### Task description:
Please return all lines of the data below containing the string "Tools".

### Material for the task:
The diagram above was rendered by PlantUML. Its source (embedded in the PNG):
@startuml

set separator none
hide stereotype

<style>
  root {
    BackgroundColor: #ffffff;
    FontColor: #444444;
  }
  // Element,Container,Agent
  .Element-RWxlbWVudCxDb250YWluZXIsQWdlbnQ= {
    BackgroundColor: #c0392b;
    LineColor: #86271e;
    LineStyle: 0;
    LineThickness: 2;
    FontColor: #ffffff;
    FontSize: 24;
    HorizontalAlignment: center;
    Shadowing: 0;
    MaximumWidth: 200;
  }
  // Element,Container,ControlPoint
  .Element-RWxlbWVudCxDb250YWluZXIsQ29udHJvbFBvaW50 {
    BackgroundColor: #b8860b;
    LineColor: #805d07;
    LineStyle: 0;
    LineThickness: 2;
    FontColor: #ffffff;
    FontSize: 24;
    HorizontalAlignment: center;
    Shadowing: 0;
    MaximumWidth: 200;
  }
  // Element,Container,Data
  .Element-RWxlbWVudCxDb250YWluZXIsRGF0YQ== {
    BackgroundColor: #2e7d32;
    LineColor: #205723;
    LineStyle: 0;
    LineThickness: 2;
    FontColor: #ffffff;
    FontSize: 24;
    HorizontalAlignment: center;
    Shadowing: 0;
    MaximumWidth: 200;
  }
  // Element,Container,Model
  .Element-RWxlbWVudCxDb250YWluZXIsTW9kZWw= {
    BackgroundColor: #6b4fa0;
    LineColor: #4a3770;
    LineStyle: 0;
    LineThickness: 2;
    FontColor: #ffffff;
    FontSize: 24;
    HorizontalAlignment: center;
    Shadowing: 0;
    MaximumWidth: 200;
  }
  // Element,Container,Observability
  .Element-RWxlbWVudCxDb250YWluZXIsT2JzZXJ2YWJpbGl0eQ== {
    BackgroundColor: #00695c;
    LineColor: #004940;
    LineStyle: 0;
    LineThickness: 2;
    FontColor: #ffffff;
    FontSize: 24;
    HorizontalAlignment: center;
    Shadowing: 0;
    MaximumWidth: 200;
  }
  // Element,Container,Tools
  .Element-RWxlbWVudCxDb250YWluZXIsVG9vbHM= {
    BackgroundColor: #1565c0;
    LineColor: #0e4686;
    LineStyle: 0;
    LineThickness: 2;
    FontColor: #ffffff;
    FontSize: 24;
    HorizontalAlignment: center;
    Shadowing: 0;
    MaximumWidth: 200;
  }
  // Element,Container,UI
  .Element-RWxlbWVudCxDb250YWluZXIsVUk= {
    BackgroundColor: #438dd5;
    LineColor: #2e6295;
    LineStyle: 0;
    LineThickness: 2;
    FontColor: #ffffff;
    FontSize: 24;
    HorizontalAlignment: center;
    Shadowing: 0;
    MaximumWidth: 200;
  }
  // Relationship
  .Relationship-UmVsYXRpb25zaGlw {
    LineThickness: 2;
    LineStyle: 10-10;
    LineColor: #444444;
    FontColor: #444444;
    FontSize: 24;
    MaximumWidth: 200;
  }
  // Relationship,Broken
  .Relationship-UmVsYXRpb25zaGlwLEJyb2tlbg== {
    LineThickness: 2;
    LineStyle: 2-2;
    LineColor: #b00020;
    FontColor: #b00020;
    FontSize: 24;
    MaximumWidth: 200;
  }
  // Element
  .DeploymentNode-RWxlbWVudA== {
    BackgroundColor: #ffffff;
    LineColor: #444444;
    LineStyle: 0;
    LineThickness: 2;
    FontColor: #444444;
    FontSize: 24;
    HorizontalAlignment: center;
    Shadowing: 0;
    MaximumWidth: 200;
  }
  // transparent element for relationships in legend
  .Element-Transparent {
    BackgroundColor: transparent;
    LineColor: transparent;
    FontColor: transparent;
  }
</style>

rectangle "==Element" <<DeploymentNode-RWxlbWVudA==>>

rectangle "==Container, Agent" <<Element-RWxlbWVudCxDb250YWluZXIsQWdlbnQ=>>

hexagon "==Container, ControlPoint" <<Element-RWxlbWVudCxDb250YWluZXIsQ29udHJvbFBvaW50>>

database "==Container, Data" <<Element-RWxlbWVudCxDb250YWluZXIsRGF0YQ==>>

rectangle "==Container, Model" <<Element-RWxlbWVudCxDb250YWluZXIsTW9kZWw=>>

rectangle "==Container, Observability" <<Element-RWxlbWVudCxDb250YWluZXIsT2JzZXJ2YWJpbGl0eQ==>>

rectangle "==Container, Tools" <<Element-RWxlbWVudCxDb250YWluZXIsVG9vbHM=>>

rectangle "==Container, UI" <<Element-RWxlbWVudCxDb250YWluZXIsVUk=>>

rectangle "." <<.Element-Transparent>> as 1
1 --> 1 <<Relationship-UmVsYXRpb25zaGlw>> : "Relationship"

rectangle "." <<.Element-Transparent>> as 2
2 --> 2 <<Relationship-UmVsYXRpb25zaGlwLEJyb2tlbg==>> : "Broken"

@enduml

### Task response:
  // Element,Container,Tools
rectangle "==Container, Tools" <<Element-RWxlbWVudCxDb250YWluZXIsVG9vbHM=>>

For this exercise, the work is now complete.